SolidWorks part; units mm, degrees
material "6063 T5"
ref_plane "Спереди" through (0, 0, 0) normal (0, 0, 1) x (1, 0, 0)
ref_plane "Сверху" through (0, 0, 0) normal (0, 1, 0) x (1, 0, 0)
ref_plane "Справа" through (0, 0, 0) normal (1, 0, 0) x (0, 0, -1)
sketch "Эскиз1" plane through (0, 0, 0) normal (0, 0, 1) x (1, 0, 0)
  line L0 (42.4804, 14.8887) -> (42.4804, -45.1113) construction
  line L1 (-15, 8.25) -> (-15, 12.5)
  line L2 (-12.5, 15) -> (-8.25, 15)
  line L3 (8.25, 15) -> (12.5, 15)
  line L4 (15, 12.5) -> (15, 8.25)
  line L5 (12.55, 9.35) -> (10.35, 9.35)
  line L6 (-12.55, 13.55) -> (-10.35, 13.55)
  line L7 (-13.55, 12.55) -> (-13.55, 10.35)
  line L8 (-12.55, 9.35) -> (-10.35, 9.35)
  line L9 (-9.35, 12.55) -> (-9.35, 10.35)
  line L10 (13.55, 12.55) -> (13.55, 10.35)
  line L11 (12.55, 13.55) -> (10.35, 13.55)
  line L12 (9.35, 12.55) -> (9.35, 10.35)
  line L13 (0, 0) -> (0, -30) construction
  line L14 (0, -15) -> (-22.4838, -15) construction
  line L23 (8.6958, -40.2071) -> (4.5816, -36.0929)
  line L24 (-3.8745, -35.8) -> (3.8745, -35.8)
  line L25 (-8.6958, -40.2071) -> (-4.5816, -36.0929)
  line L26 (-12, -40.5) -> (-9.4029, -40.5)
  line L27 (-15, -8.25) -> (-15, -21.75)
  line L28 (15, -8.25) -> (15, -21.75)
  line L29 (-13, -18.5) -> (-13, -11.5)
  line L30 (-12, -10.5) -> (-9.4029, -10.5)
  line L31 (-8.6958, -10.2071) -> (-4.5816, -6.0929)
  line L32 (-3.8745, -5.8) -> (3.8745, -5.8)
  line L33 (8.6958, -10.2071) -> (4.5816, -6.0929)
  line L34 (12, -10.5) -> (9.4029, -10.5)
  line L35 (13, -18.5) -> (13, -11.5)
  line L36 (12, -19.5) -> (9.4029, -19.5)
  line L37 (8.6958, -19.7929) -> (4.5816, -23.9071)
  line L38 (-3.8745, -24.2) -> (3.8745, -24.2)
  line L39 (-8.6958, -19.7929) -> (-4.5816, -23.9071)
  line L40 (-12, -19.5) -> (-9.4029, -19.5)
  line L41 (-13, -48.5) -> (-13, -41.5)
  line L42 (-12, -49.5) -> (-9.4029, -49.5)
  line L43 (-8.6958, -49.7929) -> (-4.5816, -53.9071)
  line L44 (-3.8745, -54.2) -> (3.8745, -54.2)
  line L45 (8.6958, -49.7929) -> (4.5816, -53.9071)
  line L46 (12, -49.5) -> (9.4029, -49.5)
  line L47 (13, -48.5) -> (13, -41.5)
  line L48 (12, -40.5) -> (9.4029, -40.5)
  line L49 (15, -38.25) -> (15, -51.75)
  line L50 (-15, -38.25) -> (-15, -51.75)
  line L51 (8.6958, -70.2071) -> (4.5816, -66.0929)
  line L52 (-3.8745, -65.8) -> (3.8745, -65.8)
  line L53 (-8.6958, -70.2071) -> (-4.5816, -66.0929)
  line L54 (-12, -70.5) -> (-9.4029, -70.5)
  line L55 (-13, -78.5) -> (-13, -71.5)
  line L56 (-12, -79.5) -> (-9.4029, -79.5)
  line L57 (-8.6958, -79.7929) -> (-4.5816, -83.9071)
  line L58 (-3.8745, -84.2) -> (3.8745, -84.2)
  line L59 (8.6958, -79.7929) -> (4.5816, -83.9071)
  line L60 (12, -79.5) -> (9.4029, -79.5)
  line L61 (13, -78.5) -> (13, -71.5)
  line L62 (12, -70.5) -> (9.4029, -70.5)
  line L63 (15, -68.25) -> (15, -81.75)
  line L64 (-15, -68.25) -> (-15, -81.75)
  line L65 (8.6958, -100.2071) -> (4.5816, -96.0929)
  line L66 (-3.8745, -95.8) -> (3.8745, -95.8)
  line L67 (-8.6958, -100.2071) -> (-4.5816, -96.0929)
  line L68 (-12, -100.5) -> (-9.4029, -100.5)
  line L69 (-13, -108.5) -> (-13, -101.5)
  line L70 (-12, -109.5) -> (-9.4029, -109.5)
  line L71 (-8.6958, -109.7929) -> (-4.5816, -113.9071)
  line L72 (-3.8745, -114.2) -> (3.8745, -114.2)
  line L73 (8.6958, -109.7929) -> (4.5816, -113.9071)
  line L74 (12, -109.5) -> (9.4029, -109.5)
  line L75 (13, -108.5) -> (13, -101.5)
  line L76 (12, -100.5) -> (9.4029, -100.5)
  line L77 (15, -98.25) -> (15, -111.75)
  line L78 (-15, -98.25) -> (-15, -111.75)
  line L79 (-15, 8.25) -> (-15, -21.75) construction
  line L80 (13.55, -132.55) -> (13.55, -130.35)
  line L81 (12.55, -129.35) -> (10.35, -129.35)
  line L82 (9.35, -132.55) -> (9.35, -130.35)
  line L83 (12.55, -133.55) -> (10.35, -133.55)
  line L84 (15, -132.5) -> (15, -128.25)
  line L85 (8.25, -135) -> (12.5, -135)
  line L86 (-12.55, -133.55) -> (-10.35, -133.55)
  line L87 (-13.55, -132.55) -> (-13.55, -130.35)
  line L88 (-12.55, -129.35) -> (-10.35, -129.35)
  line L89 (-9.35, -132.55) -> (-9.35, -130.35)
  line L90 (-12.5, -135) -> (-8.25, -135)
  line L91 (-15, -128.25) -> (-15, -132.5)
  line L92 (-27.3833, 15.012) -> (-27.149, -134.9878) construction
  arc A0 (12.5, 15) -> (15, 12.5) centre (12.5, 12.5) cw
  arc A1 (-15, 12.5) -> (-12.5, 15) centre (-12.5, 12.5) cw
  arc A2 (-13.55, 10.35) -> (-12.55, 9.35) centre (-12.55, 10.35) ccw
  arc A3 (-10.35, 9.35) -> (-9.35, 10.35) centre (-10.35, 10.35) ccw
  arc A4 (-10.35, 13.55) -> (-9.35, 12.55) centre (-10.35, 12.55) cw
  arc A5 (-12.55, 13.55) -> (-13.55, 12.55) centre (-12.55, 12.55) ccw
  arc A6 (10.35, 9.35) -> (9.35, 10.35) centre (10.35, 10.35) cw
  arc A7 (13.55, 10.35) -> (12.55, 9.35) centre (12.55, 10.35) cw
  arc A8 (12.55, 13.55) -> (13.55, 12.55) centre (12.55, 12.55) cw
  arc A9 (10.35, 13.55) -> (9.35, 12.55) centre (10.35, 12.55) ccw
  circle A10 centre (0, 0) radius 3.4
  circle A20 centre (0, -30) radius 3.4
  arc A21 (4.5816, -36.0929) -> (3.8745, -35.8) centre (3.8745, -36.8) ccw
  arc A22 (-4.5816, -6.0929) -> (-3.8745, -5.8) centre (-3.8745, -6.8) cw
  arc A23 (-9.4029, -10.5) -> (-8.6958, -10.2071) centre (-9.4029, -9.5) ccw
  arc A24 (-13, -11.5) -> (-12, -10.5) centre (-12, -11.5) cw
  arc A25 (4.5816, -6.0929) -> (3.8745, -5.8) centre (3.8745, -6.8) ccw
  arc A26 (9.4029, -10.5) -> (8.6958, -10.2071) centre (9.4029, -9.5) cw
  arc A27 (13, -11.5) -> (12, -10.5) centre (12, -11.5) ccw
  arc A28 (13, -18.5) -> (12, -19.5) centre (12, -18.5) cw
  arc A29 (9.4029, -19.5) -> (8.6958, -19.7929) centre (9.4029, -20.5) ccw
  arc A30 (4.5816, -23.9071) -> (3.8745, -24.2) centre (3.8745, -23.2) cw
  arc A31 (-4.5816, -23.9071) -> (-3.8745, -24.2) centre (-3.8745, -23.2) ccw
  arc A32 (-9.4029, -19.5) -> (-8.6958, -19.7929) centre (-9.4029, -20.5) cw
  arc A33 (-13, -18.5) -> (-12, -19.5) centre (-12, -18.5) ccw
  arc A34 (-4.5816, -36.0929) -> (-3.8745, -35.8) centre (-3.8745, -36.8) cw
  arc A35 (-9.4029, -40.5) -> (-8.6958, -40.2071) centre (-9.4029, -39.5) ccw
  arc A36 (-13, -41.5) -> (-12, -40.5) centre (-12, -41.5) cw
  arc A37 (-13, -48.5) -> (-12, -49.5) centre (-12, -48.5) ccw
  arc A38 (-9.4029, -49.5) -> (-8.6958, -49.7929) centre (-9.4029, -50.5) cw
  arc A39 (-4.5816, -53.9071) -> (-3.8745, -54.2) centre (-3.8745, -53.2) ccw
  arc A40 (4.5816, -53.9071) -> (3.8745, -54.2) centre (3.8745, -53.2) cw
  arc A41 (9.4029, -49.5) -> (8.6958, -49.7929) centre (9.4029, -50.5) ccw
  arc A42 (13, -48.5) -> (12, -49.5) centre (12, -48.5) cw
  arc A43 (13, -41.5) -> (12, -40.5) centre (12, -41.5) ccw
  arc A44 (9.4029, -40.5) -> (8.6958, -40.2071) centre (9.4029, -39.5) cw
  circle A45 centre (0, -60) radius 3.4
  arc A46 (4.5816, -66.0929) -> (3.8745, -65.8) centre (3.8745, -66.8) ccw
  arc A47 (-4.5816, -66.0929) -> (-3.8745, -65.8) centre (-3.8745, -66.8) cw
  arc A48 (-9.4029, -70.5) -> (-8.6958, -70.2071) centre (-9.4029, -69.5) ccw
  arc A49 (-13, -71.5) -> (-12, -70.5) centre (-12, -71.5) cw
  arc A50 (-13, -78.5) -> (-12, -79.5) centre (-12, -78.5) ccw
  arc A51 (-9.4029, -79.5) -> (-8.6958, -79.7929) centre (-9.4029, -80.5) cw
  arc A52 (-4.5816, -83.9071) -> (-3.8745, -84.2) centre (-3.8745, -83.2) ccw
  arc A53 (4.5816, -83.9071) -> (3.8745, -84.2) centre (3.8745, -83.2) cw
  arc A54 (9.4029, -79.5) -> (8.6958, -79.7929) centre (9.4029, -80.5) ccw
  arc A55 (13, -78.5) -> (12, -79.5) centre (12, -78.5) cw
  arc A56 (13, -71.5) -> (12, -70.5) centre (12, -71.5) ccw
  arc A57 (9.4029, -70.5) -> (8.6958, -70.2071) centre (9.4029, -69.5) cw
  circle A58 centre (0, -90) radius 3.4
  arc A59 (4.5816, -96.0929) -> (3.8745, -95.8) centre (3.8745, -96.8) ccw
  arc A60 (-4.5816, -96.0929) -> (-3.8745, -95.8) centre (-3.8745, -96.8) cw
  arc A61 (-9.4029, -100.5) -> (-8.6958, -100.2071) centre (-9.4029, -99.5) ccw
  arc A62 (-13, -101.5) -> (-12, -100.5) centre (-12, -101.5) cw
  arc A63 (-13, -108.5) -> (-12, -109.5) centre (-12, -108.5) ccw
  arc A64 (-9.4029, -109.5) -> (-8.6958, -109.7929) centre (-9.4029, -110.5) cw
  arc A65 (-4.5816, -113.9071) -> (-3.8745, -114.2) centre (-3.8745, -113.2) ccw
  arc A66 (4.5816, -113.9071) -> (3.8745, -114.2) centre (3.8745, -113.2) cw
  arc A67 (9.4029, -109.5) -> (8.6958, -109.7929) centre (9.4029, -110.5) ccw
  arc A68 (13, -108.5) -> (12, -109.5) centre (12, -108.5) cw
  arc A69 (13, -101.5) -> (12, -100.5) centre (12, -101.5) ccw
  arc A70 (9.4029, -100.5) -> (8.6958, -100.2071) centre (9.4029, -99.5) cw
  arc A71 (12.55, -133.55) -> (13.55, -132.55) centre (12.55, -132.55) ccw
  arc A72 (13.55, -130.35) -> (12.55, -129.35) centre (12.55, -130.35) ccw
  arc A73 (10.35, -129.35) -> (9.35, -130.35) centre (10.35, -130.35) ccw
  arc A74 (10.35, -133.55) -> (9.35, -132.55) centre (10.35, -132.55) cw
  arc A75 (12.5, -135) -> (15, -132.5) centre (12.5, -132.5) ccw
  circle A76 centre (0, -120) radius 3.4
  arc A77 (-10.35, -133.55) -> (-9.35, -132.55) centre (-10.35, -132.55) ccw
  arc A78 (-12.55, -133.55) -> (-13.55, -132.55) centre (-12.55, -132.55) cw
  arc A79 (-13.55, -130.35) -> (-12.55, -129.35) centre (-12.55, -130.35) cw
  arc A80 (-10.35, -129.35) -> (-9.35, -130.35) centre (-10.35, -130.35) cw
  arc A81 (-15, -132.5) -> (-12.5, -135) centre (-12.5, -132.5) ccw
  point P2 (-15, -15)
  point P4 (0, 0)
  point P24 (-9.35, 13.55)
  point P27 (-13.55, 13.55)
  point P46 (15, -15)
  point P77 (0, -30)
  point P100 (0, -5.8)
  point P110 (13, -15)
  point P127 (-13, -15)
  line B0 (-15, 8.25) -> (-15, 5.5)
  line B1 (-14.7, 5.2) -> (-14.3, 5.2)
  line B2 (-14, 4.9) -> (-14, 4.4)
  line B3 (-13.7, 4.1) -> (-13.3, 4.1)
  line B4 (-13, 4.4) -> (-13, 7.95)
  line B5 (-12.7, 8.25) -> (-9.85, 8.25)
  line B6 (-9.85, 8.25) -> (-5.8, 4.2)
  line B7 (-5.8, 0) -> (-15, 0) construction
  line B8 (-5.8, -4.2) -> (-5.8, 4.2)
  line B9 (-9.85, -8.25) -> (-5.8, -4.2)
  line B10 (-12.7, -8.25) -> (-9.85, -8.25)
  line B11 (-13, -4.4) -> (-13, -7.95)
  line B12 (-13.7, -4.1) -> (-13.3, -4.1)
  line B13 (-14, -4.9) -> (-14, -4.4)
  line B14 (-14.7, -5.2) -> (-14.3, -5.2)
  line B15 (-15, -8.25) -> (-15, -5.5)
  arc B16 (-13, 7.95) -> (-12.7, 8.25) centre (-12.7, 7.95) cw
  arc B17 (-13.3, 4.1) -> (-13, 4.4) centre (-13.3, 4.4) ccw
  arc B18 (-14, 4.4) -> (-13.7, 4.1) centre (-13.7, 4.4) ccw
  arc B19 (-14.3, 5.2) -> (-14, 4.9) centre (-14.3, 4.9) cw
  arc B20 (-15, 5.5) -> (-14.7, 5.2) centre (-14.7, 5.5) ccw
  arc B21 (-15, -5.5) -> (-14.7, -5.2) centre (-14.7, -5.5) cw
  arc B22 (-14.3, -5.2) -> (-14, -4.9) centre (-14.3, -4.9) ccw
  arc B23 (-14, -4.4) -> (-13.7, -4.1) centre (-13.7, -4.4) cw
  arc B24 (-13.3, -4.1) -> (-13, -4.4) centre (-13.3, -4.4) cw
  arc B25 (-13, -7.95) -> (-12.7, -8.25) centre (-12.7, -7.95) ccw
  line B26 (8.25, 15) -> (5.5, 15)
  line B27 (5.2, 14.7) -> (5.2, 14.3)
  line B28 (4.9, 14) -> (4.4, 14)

== == ==

Copy out the lines of the data where the string "circle" occurs.

■ **Response area**:
  circle A10 centre (0, 0) radius 3.4
  circle A20 centre (0, -30) radius 3.4
  circle A45 centre (0, -60) radius 3.4
  circle A58 centre (0, -90) radius 3.4
  circle A76 centre (0, -120) radius 3.4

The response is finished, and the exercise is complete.